## Given records
····················

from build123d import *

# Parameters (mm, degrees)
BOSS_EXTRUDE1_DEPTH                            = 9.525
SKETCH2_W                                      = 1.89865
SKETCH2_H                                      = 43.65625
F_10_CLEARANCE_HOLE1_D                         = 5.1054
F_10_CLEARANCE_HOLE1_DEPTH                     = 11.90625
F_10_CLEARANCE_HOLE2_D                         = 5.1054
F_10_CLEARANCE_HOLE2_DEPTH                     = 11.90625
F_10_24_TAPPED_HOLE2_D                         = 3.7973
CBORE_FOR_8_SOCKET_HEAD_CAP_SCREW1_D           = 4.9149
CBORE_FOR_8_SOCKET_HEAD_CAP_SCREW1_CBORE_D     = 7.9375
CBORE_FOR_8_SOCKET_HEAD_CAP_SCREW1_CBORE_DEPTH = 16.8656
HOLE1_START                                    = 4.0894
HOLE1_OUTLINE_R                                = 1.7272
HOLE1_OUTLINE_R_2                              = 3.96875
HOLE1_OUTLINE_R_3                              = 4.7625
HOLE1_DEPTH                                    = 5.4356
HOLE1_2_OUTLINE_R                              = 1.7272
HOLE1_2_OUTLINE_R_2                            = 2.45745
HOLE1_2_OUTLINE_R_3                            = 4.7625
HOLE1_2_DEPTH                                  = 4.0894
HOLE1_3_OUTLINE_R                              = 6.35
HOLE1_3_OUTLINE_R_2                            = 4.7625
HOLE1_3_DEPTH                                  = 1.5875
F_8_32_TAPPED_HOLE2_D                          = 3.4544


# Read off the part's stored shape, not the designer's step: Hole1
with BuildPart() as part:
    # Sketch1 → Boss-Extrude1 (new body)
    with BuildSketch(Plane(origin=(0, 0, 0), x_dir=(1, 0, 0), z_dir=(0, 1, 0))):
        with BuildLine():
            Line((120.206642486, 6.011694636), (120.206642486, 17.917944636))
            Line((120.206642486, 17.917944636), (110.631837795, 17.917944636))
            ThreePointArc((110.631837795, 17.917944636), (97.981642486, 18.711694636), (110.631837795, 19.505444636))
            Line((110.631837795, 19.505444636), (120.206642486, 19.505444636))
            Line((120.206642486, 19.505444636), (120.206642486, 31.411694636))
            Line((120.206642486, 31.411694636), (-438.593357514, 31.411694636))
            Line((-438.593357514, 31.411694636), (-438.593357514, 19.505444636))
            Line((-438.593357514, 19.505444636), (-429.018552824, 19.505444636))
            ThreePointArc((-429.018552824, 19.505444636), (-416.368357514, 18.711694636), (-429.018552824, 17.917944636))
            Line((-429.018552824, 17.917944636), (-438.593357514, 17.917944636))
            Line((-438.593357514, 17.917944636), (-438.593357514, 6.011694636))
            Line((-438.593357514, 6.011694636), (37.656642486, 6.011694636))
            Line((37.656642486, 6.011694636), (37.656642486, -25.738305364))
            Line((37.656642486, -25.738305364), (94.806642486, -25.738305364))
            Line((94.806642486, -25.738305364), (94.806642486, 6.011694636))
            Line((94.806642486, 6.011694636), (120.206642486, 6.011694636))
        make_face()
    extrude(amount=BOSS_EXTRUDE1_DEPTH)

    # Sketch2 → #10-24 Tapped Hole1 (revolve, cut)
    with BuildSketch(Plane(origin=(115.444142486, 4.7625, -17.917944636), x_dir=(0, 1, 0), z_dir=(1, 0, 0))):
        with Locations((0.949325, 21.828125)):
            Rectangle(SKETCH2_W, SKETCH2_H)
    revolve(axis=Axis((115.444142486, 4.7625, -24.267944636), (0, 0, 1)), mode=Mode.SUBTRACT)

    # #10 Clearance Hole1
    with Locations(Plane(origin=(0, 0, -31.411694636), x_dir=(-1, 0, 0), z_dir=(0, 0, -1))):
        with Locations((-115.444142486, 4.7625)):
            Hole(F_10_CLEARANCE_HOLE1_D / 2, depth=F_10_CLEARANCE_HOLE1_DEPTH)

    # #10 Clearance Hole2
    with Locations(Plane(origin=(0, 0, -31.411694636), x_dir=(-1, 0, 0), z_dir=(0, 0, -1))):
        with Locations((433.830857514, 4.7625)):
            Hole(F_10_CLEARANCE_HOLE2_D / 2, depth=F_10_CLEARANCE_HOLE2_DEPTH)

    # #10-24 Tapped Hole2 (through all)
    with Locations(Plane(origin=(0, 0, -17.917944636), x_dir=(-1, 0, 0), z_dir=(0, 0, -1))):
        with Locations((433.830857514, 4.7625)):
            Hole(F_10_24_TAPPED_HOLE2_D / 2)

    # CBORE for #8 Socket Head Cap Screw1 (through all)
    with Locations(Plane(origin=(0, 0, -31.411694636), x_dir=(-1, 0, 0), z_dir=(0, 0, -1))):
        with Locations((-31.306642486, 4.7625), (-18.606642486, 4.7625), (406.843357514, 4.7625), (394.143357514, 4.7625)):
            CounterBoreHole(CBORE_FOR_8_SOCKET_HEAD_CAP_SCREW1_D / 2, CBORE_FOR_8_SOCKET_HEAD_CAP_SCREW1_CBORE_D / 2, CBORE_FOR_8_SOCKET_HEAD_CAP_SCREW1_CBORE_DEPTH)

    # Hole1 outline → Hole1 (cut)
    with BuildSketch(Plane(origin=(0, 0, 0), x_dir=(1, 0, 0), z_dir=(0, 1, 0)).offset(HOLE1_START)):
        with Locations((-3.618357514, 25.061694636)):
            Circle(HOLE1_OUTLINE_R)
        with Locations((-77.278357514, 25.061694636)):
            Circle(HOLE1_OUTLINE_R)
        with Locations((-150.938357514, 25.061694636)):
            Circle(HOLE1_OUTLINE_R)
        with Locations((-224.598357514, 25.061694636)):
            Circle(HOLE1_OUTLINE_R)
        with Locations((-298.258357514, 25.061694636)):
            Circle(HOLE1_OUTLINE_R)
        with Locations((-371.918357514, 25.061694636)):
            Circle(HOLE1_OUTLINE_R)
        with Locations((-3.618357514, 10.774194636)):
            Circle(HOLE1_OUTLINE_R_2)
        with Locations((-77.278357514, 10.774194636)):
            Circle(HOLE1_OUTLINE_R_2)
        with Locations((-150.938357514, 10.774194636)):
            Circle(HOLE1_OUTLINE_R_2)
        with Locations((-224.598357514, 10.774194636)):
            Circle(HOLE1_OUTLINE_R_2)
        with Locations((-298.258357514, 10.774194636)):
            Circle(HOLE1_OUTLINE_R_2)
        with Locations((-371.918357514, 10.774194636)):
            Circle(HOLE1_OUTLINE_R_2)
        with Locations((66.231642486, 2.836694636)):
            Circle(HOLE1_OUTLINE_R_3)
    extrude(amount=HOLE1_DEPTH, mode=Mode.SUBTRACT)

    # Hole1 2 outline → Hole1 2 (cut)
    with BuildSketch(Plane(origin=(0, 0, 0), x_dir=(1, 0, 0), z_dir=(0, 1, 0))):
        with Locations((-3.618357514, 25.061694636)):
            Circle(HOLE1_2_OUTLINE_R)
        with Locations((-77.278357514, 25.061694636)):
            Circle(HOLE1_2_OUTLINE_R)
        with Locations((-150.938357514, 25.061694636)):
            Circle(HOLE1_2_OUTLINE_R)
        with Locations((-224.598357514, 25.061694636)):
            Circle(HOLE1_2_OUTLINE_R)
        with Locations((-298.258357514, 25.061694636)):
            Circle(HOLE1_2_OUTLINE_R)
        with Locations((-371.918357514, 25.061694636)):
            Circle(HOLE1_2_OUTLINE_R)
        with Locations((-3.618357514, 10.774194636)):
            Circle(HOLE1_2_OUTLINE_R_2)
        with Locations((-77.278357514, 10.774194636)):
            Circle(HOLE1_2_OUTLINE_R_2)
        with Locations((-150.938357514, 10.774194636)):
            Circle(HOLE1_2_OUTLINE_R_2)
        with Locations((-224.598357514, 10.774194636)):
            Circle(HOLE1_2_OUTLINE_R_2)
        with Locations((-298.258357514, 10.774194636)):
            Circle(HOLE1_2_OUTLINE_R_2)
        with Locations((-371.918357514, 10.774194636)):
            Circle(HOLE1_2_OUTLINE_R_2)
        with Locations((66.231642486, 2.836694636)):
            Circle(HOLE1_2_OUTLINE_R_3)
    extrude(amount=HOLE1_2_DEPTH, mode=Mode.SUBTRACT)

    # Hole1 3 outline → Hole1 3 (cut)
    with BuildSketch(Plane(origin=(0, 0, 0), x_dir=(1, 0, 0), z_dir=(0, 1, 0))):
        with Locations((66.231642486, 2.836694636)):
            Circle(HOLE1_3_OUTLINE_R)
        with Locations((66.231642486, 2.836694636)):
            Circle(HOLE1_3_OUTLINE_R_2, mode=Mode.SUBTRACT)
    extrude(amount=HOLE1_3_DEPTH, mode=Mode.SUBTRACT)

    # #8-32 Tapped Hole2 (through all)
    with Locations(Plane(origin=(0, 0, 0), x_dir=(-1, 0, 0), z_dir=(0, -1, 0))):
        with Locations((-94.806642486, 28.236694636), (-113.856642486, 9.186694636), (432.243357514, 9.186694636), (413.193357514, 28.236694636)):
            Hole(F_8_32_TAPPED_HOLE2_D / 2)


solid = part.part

····················

## Task instructions
Across the whole listing, show each line where the word "ThreePointArc" occurs.

## Answer to this problem
            ThreePointArc((110.631837795, 17.917944636), (97.981642486, 18.711694636), (110.631837795, 19.505444636))
            ThreePointArc((-429.018552824, 19.505444636), (-416.368357514, 18.711694636), (-429.018552824, 17.917944636))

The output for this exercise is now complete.